19. What is cell notation? Write the notation for a Daniell cell.
Answer:
Cell notation is a symbolic representation of an electrochemical cell. It provides information about the electrodes, electrolytes, and direction of electron flow. In cell notation, the anode is written on the left and the cathode on the right. A single vertical line represents a phase boundary, while a double vertical line represents the salt bridge. For a Daniell cell, the notation is:
Zn | Zn²⁺ (1 M) || Cu²⁺ (1 M) | Cu
This notation indicates that zinc undergoes oxidation at the anode and copper ions undergo reduction at the cathode, producing electrical energy.
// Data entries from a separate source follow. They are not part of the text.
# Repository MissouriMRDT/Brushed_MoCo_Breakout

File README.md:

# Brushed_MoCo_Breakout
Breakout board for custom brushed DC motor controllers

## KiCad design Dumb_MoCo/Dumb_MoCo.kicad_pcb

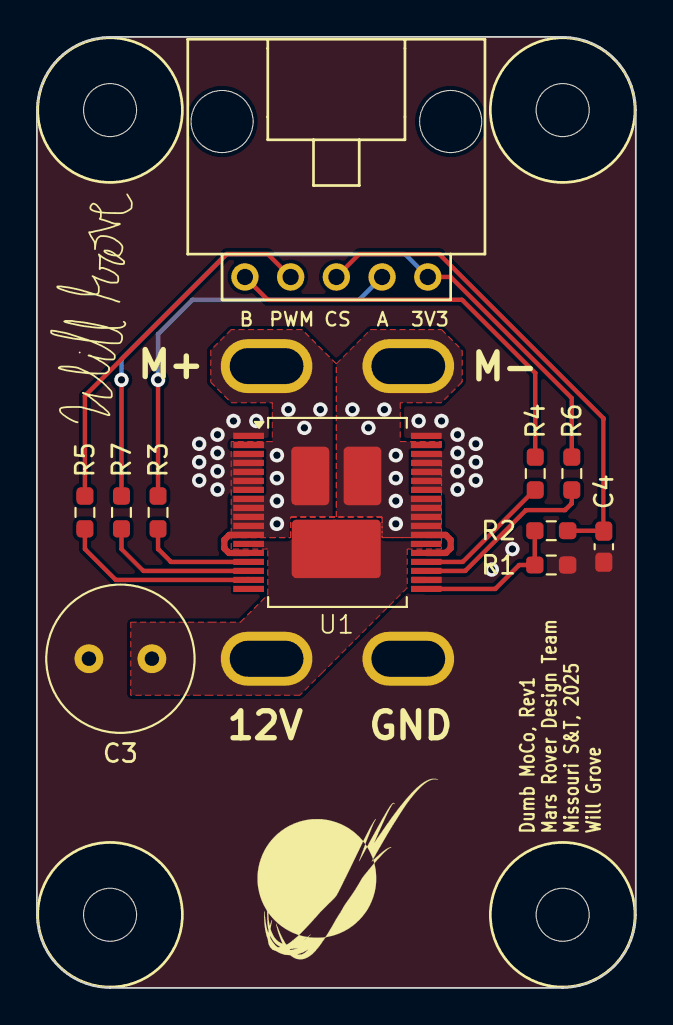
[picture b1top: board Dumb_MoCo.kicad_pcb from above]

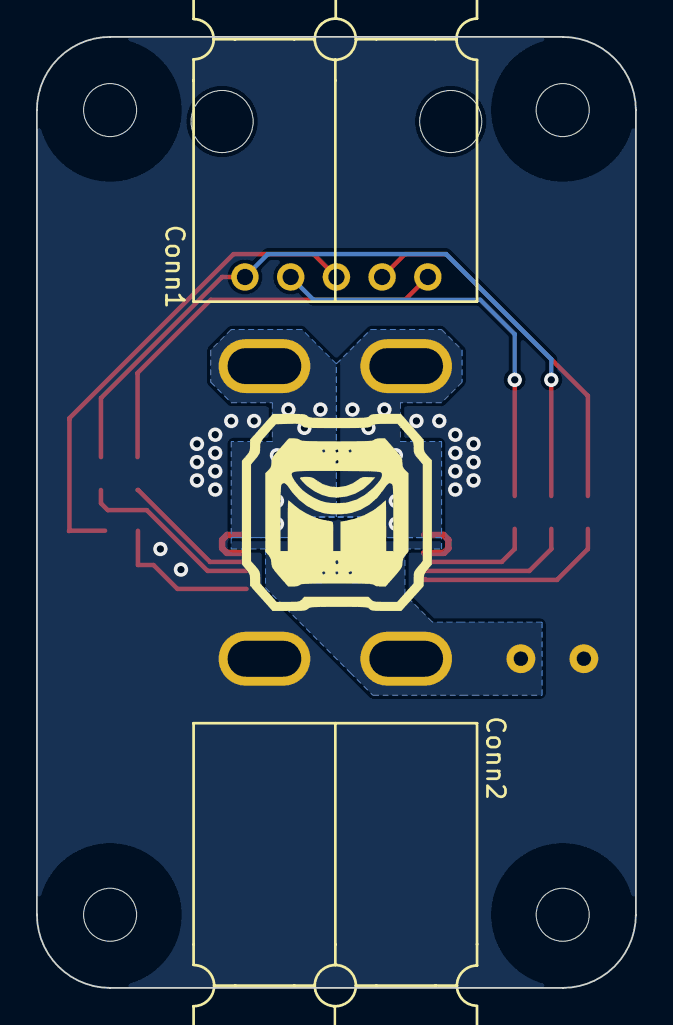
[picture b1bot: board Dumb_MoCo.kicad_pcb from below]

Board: 2 copper layers, 33.3 x 52.8 mm, 17 parts (2 on the bottom side), 15 nets.

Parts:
C3: 330uF; C_Radial_D8.0mm_H11.5mm_P3.50mm
C4: 33nF; C_0603_1608Metric_Pad1.08x0.95mm_HandSolder
Conn1, Conn2: AndersonPP; Square_Anderson_2_H_Side_By_Side
Conn3: Molex_SL_05; MOLEX_SL_05_Horizontal
H1, H2, H3, H4: MountingHole; 4_40_Hole
R1: 1.5k; R_0603_1608Metric_Pad0.98x0.95mm_HandSolder
R2: 10k; R_0603_1608Metric_Pad0.98x0.95mm_HandSolder
R3, R4, R5: 1k; R_0603_1608Metric_Pad0.98x0.95mm_HandSolder
R6, R7: 3.3k; R_0603_1608Metric_Pad0.98x0.95mm_HandSolder
U1: VNH5050A-E; ST_PowerSSO-36_TP

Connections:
+3V3: Conn3.5, R6.1, R7.1
+12V: C3.1, Conn2.2 (V+Log), U1.13 (VCC), U1.24 (VCC)
CS: C4.2, Conn3.3, R2.2
GND: C3.2, C4.1, Conn2.1 (GND), R1.2, U1.1 (GND_A), U1.3 (GND_A), U1.4 (GND_A), U1.5 (GND_A), U1.6 (GND_A), U1.7 (GND_A), U1.20 (CS_DIS), U1.30 (GND_B), U1.31 (GND_B), U1.32 (GND_B), U1.33 (GND_B), U1.34 (GND_B), U1.36 (GND_B)
IN_A: Conn3.4, R3.1
IN_B: Conn3.1, R4.1
unnamed: Conn1.1 (GND), U1.2 (OUT_A), U1.8 (OUT_A), U1.9 (OUT_A), U1.10 (OUT_A), U1.11 (OUT_A), U1.12 (OUT_A), U1.14 (OUT_A)
unnamed: Conn1.2 (V+Log), U1.23 (OUT_B), U1.25 (OUT_B), U1.26 (OUT_B), U1.27 (OUT_B), U1.28 (OUT_B), U1.29 (OUT_B), U1.35 (OUT_B)
unnamed: R1.1, R2.1, U1.19 (CS)
unnamed: R7.2, U1.16 (DIAG_A/EN_A)
unnamed: R6.2, U1.21 (DIAG_B/EN_B)
unnamed: R3.2, U1.15 (INA)
unnamed: R4.2, U1.22 (INB)
unnamed: R5.2, U1.17 (PWM)
PWM: Conn3.2, R5.1

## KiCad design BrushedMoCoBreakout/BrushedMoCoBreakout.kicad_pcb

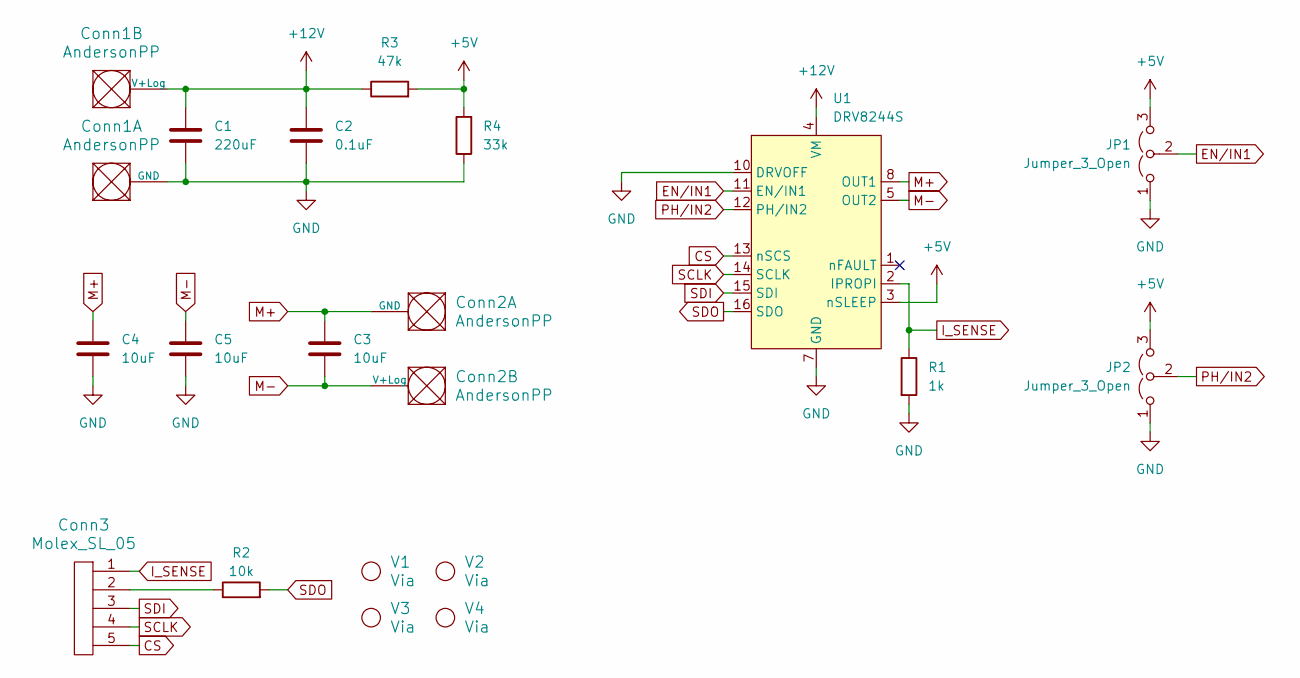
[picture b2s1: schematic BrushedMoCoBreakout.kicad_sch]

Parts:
C1: 220uF; CP_Radial_D6.3mm_P2.50mm
C2: 0.1uF; C_0603_1608Metric_Pad1.08x0.95mm_HandSolder
C3, C4, C5: 10uF; C_0603_1608Metric_Pad1.08x0.95mm_HandSolder
Conn1, Conn2: AndersonPP; Square_Anderson_2_H_Stacked_PV
Conn3: Molex_SL_05; MOLEX_SL_05_Horizontal
JP1, JP2: Jumper_3_Open; PinHeader_1x03_P1.00mm_Vertical
R1: 1k; R_0603_1608Metric_Pad0.98x0.95mm_HandSolder
R2: 10k; R_0603_1608Metric_Pad0.98x0.95mm_HandSolder
R3: 47k; R_0603_1608Metric_Pad0.98x0.95mm_HandSolder
R4: 33k; R_0603_1608Metric_Pad0.98x0.95mm_HandSolder
U1: DRV8244S; VQFN-HR-16_4.0mmx7.0mm_ThermalVias
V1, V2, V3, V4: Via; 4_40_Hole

20. Explain the relationship between Gibbs free energy and EMF of a cell.
Answer:
The relationship between Gibbs free energy change (ΔG) and the EMF of a cell helps determine the spontaneity of electrochemical reactions.
\Delta G = -nFE
Here, ΔG is the Gibbs free energy change, n is the number of electrons transferred, F is Faraday’s constant, and E is the cell EMF. A positive EMF results in a negative ΔG, indicating a spontaneous reaction. Under standard conditions, the equation is written as ΔG° = –nFE°. This relationship connects thermodynamics with electrochemistry and helps evaluate the feasibility and energy changes of cell reactions.